22. Execution of Receipts and Releases
Any payment of cash or any issuance or transfer of shares of Common Stock or other property to the Participant or to the Participant’s legal representative, heir, legatee or distributee, in accordance with the provisions of this Agreement, shall, to the extent thereof, be in full satisfaction of all claims of such persons under this Agreement. The Company may require the Participant or the Participant’s legal representative, heir, legatee or distribute, as a condition precedent to such payment or issuance, to execute a release and receipt therefor in such form as it shall determine.
23. Code Section 409A
Notwithstanding anything herein to the contrary, in the case of a conversion of vested RSUs and registration and transfer of shares of Common Stock on account of any termination of service (other than death), if the Participant is a “specified employee” as defined in Section 1.409A-1(i) of the final Treasury Regulations under Section 409A of the Code, then solely to the extent required under Section 409A of the Code, a distribution of such shares to the Participant shall not occur until the date which is six (6) months following the date of the Participant’s termination of service (or, if earlier, the date of the Participant’s death).
24. Electronic Delivery and Acceptance.
The Company may, in its sole discretion, decide to deliver any documents related to current or future participation in the Plan by electronic means. The Participant hereby consents to receive such documents by electronic delivery and agrees to participate in the Plan through an on-line or electronic system established and maintained by the Company or a third party designated by the Company.
25. Insider Trading Restrictions/Market Abuse Laws.

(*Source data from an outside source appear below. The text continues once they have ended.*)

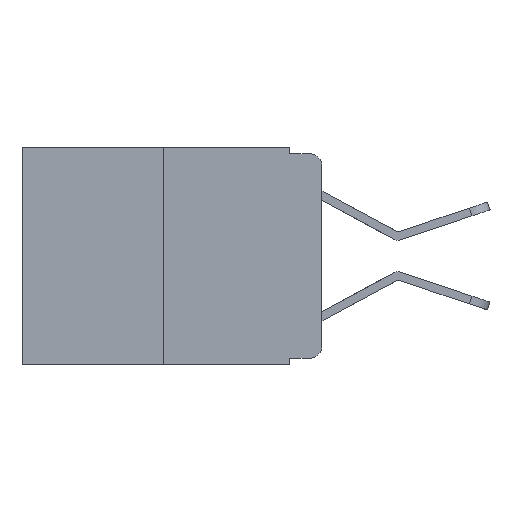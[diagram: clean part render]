
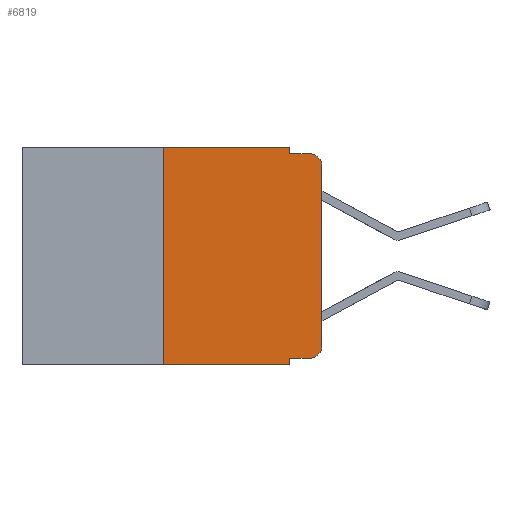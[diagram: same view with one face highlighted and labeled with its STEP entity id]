
A CAD part, left-side view. The second image highlights one B-rep face of the part: STEP entity #6819.
In plain terms, the highlighted planar face has unit normal (-1, 0, 0).
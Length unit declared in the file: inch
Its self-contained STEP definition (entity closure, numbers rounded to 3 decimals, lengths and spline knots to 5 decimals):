
#455 = VECTOR ( 'NONE', #8519, 39.37008 ) ;
#526 = EDGE_CURVE ( 'NONE', #13435, #12807, #10547, .T. ) ;
#800 = PLANE ( 'NONE',  #12356 ) ;
#1550 = DIRECTION ( 'NONE',  ( 0., -1., 0. ) ) ;
#2182 = CARTESIAN_POINT ( 'NONE',  ( 0., 0.02, -0.03 ) ) ;
#2464 = EDGE_CURVE ( 'NONE', #6225, #12374, #14127, .T. ) ;
#2592 = DIRECTION ( 'NONE',  ( 0., -1., 0. ) ) ;
#2675 = CARTESIAN_POINT ( 'NONE',  ( 0., 0.051, -0.343 ) ) ;
#2930 = CARTESIAN_POINT ( 'NONE',  ( 0., 0.051, -0.333 ) ) ;
#2996 = ORIENTED_EDGE ( 'NONE', *, *, #11110, .F. ) ;
#3191 = CARTESIAN_POINT ( 'NONE',  ( 0., 0.051, 0. ) ) ;
#3207 = CARTESIAN_POINT ( 'NONE',  ( 0., 0.25, 0. ) ) ;
#3240 = CARTESIAN_POINT ( 'NONE',  ( 0., 0.051, -0.01 ) ) ;
#3414 = DIRECTION ( 'NONE',  ( 0., 0., 1. ) ) ;
#3734 = CARTESIAN_POINT ( 'NONE',  ( 0., 0.25, -0.343 ) ) ;
#3773 = AXIS2_PLACEMENT_3D ( 'NONE', #4115, #5314, #15808 ) ;
#3910 = LINE ( 'NONE', #3191, #455 ) ;
#4028 = VERTEX_POINT ( 'NONE', #6049 ) ;
#4044 = ORIENTED_EDGE ( 'NONE', *, *, #13044, .T. ) ;
#4115 = CARTESIAN_POINT ( 'NONE',  ( 0., 0.02, -0.313 ) ) ;
#4218 = FACE_OUTER_BOUND ( 'NONE', #10461, .T. ) ;
#4282 = LINE ( 'NONE', #13840, #6334 ) ;
#4321 = CARTESIAN_POINT ( 'NONE',  ( 0., 0.051, 0. ) ) ;
#4503 = LINE ( 'NONE', #3240, #15728 ) ;
#4699 = DIRECTION ( 'NONE',  ( 0., 0., 1. ) ) ;
#4706 = EDGE_CURVE ( 'NONE', #6498, #13435, #7542, .T. ) ;
#4918 = CARTESIAN_POINT ( 'NONE',  ( 0., 0.02, -0.01 ) ) ;
#4964 = EDGE_CURVE ( 'NONE', #10017, #13247, #7330, .T. ) ;
#5117 = VERTEX_POINT ( 'NONE', #2675 ) ;
#5146 = LINE ( 'NONE', #4321, #16364 ) ;
#5305 = LINE ( 'NONE', #8196, #7129 ) ;
#5314 = DIRECTION ( 'NONE',  ( -1., 0., 0. ) ) ;
#5359 = CARTESIAN_POINT ( 'NONE',  ( 0., 0.02, -0.333 ) ) ;
#5376 = ORIENTED_EDGE ( 'NONE', *, *, #11443, .F. ) ;
#6049 = CARTESIAN_POINT ( 'NONE',  ( 0., 0.051, -0.01 ) ) ;
#6065 = CARTESIAN_POINT ( 'NONE',  ( 0., 0., -0.03 ) ) ;
#6091 = DIRECTION ( 'NONE',  ( -1., 0., 0. ) ) ;
#6225 = VERTEX_POINT ( 'NONE', #6065 ) ;
#6334 = VECTOR ( 'NONE', #3414, 39.37008 ) ;
#6498 = VERTEX_POINT ( 'NONE', #15190 ) ;
#6819 = ADVANCED_FACE ( 'NONE', ( #4218 ), #800, .F. ) ;
#7129 = VECTOR ( 'NONE', #1550, 39.37008 ) ;
#7278 = ORIENTED_EDGE ( 'NONE', *, *, #2464, .T. ) ;
#7330 = LINE ( 'NONE', #3207, #12215 ) ;
#7542 = LINE ( 'NONE', #2930, #15309 ) ;
#8196 = CARTESIAN_POINT ( 'NONE',  ( 0., 0.473, 0. ) ) ;
#8519 = DIRECTION ( 'NONE',  ( 0., 0., -1. ) ) ;
#8903 = DIRECTION ( 'NONE',  ( 1., 0., 0. ) ) ;
#9058 = CARTESIAN_POINT ( 'NONE',  ( 0., 0.473, -0.343 ) ) ;
#9210 = ORIENTED_EDGE ( 'NONE', *, *, #13628, .F. ) ;
#9713 = ORIENTED_EDGE ( 'NONE', *, *, #10453, .F. ) ;
#10017 = VERTEX_POINT ( 'NONE', #3734 ) ;
#10229 = ORIENTED_EDGE ( 'NONE', *, *, #526, .T. ) ;
#10453 = EDGE_CURVE ( 'NONE', #14198, #4028, #3910, .T. ) ;
#10461 = EDGE_LOOP ( 'NONE', ( #14597, #7278, #2996, #9713, #5376, #16747, #4044, #9210, #12863, #10229 ) ) ;
#10470 = LINE ( 'NONE', #9058, #15965 ) ;
#10534 = CARTESIAN_POINT ( 'NONE',  ( 0., 0.051, 0. ) ) ;
#10547 = CIRCLE ( 'NONE', #3773, 0.02 ) ;
#10666 = DIRECTION ( 'NONE',  ( 0., 0., -1. ) ) ;
#10881 = CARTESIAN_POINT ( 'NONE',  ( 0., 0., -0.313 ) ) ;
#11061 = EDGE_CURVE ( 'NONE', #12807, #6225, #4282, .T. ) ;
#11108 = DIRECTION ( 'NONE',  ( 0., -1., 0. ) ) ;
#11110 = EDGE_CURVE ( 'NONE', #4028, #12374, #4503, .T. ) ;
#11443 = EDGE_CURVE ( 'NONE', #13247, #14198, #5305, .T. ) ;
#11523 = CARTESIAN_POINT ( 'NONE',  ( 0., 0.25, 0. ) ) ;
#12159 = DIRECTION ( 'NONE',  ( 0., -1., 0. ) ) ;
#12215 = VECTOR ( 'NONE', #4699, 39.37008 ) ;
#12350 = DIRECTION ( 'NONE',  ( 0., 0., -1. ) ) ;
#12356 = AXIS2_PLACEMENT_3D ( 'NONE', #12526, #8903, #12350 ) ;
#12374 = VERTEX_POINT ( 'NONE', #4918 ) ;
#12526 = CARTESIAN_POINT ( 'NONE',  ( 0., 0.473, 0. ) ) ;
#12807 = VERTEX_POINT ( 'NONE', #10881 ) ;
#12863 = ORIENTED_EDGE ( 'NONE', *, *, #4706, .T. ) ;
#13044 = EDGE_CURVE ( 'NONE', #10017, #5117, #10470, .T. ) ;
#13247 = VERTEX_POINT ( 'NONE', #11523 ) ;
#13435 = VERTEX_POINT ( 'NONE', #5359 ) ;
#13628 = EDGE_CURVE ( 'NONE', #6498, #5117, #5146, .T. ) ;
#13728 = AXIS2_PLACEMENT_3D ( 'NONE', #2182, #6091, #16621 ) ;
#13840 = CARTESIAN_POINT ( 'NONE',  ( 0., 0., 0. ) ) ;
#14127 = CIRCLE ( 'NONE', #13728, 0.02 ) ;
#14198 = VERTEX_POINT ( 'NONE', #10534 ) ;
#14597 = ORIENTED_EDGE ( 'NONE', *, *, #11061, .T. ) ;
#15190 = CARTESIAN_POINT ( 'NONE',  ( 0., 0.051, -0.333 ) ) ;
#15309 = VECTOR ( 'NONE', #12159, 39.37008 ) ;
#15728 = VECTOR ( 'NONE', #11108, 39.37008 ) ;
#15808 = DIRECTION ( 'NONE',  ( 0., 0., -1. ) ) ;
#15965 = VECTOR ( 'NONE', #2592, 39.37008 ) ;
#16364 = VECTOR ( 'NONE', #10666, 39.37008 ) ;
#16621 = DIRECTION ( 'NONE',  ( 0., 0., -1. ) ) ;
#16747 = ORIENTED_EDGE ( 'NONE', *, *, #4964, .F. ) ;
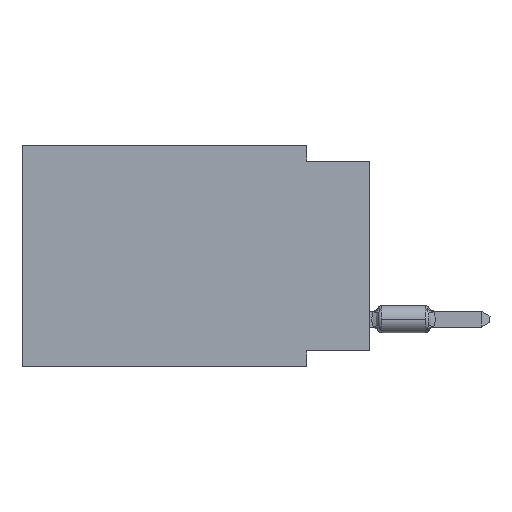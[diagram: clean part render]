
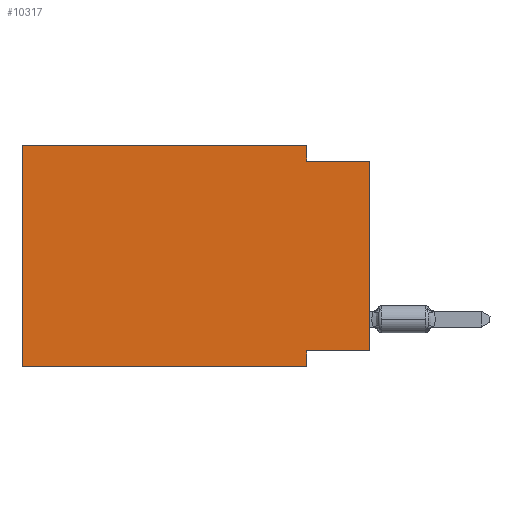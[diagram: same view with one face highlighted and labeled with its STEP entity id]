
A CAD part, left-side view. The second image highlights one B-rep face of the part: STEP entity #10317.
In plain terms, the highlighted planar face has unit normal (-1, 0, 0).
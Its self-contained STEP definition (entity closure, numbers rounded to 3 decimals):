
#22 = ORIENTED_EDGE ( 'NONE', *, *, #1510, .F. ) ;
#191 = DIRECTION ( 'NONE',  ( 0., 1., 0. ) ) ;
#260 = VERTEX_POINT ( 'NONE', #14432 ) ;
#358 = LINE ( 'NONE', #13979, #14179 ) ;
#449 = VECTOR ( 'NONE', #3733, 1000. ) ;
#600 = ORIENTED_EDGE ( 'NONE', *, *, #8680, .F. ) ;
#685 = EDGE_CURVE ( 'NONE', #260, #2782, #17820, .T. ) ;
#1002 = CARTESIAN_POINT ( 'NONE',  ( 0., 2.54, 0. ) ) ;
#1510 = EDGE_CURVE ( 'NONE', #16037, #1852, #13348, .T. ) ;
#1559 = VECTOR ( 'NONE', #6509, 1000. ) ;
#1617 = EDGE_CURVE ( 'NONE', #1852, #14431, #9902, .T. ) ;
#1786 = VECTOR ( 'NONE', #10398, 1000. ) ;
#1852 = VERTEX_POINT ( 'NONE', #9183 ) ;
#2782 = VERTEX_POINT ( 'NONE', #7213 ) ;
#3371 = FACE_OUTER_BOUND ( 'NONE', #15657, .T. ) ;
#3614 = ORIENTED_EDGE ( 'NONE', *, *, #14064, .F. ) ;
#3733 = DIRECTION ( 'NONE',  ( 0., 0., 1. ) ) ;
#4135 = CARTESIAN_POINT ( 'NONE',  ( 0., 13.97, 0. ) ) ;
#5698 = VERTEX_POINT ( 'NONE', #17655 ) ;
#6005 = CARTESIAN_POINT ( 'NONE',  ( 0., 13.97, 0. ) ) ;
#6014 = ORIENTED_EDGE ( 'NONE', *, *, #685, .F. ) ;
#6352 = CARTESIAN_POINT ( 'NONE',  ( 0., 2.54, 0. ) ) ;
#6392 = CARTESIAN_POINT ( 'NONE',  ( 0., 13.97, -8.89 ) ) ;
#6509 = DIRECTION ( 'NONE',  ( 0., 0., -1. ) ) ;
#6853 = LINE ( 'NONE', #8202, #14182 ) ;
#7213 = CARTESIAN_POINT ( 'NONE',  ( 0., 2.54, -8.89 ) ) ;
#7273 = ORIENTED_EDGE ( 'NONE', *, *, #1617, .F. ) ;
#7437 = PLANE ( 'NONE',  #10265 ) ;
#7609 = VECTOR ( 'NONE', #7904, 1000. ) ;
#7759 = EDGE_CURVE ( 'NONE', #5698, #260, #358, .T. ) ;
#7904 = DIRECTION ( 'NONE',  ( 0., 0., -1. ) ) ;
#7993 = CARTESIAN_POINT ( 'NONE',  ( 0., 2.54, -8.89 ) ) ;
#8202 = CARTESIAN_POINT ( 'NONE',  ( 0., 13.97, -8.89 ) ) ;
#8680 = EDGE_CURVE ( 'NONE', #11976, #16037, #15648, .T. ) ;
#9147 = CARTESIAN_POINT ( 'NONE',  ( 0., 0., 0. ) ) ;
#9183 = CARTESIAN_POINT ( 'NONE',  ( 0., 2.54, -0.635 ) ) ;
#9243 = EDGE_CURVE ( 'NONE', #12684, #2782, #6853, .T. ) ;
#9902 = LINE ( 'NONE', #15054, #15968 ) ;
#10265 = AXIS2_PLACEMENT_3D ( 'NONE', #14277, #10382, #15892 ) ;
#10317 = ADVANCED_FACE ( 'NONE', ( #3371 ), #7437, .F. ) ;
#10382 = DIRECTION ( 'NONE',  ( 1., 0., 0. ) ) ;
#10398 = DIRECTION ( 'NONE',  ( 0., -1., 0. ) ) ;
#10584 = LINE ( 'NONE', #9147, #449 ) ;
#10804 = DIRECTION ( 'NONE',  ( 0., 0., 1. ) ) ;
#11163 = LINE ( 'NONE', #4135, #15716 ) ;
#11938 = CARTESIAN_POINT ( 'NONE',  ( 0., 13.97, 0. ) ) ;
#11976 = VERTEX_POINT ( 'NONE', #11938 ) ;
#12684 = VERTEX_POINT ( 'NONE', #6392 ) ;
#12884 = ORIENTED_EDGE ( 'NONE', *, *, #9243, .T. ) ;
#13348 = LINE ( 'NONE', #1002, #1559 ) ;
#13486 = CARTESIAN_POINT ( 'NONE',  ( 0., 0., -0.635 ) ) ;
#13527 = EDGE_CURVE ( 'NONE', #5698, #14431, #10584, .T. ) ;
#13979 = CARTESIAN_POINT ( 'NONE',  ( 0., 0., -8.255 ) ) ;
#14064 = EDGE_CURVE ( 'NONE', #12684, #11976, #11163, .T. ) ;
#14179 = VECTOR ( 'NONE', #191, 1000. ) ;
#14182 = VECTOR ( 'NONE', #17584, 1000. ) ;
#14277 = CARTESIAN_POINT ( 'NONE',  ( 0., 13.97, 0. ) ) ;
#14431 = VERTEX_POINT ( 'NONE', #13486 ) ;
#14432 = CARTESIAN_POINT ( 'NONE',  ( 0., 2.54, -8.255 ) ) ;
#15054 = CARTESIAN_POINT ( 'NONE',  ( 0., 0., -0.635 ) ) ;
#15318 = DIRECTION ( 'NONE',  ( 0., -1., 0. ) ) ;
#15648 = LINE ( 'NONE', #6005, #1786 ) ;
#15657 = EDGE_LOOP ( 'NONE', ( #17609, #7273, #22, #600, #3614, #12884, #6014, #16082 ) ) ;
#15716 = VECTOR ( 'NONE', #10804, 1000. ) ;
#15892 = DIRECTION ( 'NONE',  ( 0., 0., -1. ) ) ;
#15968 = VECTOR ( 'NONE', #15318, 1000. ) ;
#16037 = VERTEX_POINT ( 'NONE', #6352 ) ;
#16082 = ORIENTED_EDGE ( 'NONE', *, *, #7759, .F. ) ;
#17584 = DIRECTION ( 'NONE',  ( 0., -1., 0. ) ) ;
#17609 = ORIENTED_EDGE ( 'NONE', *, *, #13527, .T. ) ;
#17655 = CARTESIAN_POINT ( 'NONE',  ( 0., 0., -8.255 ) ) ;
#17820 = LINE ( 'NONE', #7993, #7609 ) ;

The Participant may be subject to insider trading restrictions and/or market abuse laws based on the exchange on which the shares of Common Stock are listed and in applicable jurisdictions including the United States and the Participant’s country or his or her broker’s country, if different, which may affect the Participant’s ability to accept, acquire, sell or otherwise dispose of shares, RSUs or rights linked to the value of shares of Common Stock (e.g., Dividend Equivalents) during such times as the Participant is considered to have “inside information” regarding the Company (as defined by the laws in applicable jurisdictions). Local insider trading laws and regulations may prohibit the cancellation or amendment of orders the Participant placed before he or she possessed inside information. Furthermore, the Participant could be prohibited from (i) disclosing the
inside information to any third party, which may include fellow employees and (ii) “tipping” third parties or causing them otherwise to buy or sell securities. Any restrictions under these laws or regulations are separate from and in addition to any restrictions that may be imposed under any applicable insider trading policy of the Company. The Participant acknowledges that it is the Participant’s responsibility to comply with any applicable restrictions, and the Participant should speak with his or her personal legal advisor on this matter.
26. Participant Acceptance.
The Participant must accept the terms and conditions of this Agreement either electronically through the electronic acceptance procedure established by the Company or through a written acceptance delivered to the Company in a form satisfactory to the Company. In no event shall any shares of Common Stock be issued (or other securities or property distributed) under this Agreement in the absence of such acceptance. By accepting the RSUs, Participant agrees that the RSUS are granted under and governed by the terms and conditions of the Plan and this Agreement. Participant has reviewed the Plan and this Agreement in their entirety, has had an opportunity to obtain the advice of counsel prior to accepting this Agreement and fully understands all provisions of the Plan and this Agreement.
The Company and the Participant are executing this Agreement effective as of the Date of Grant set forth in the introductory clause.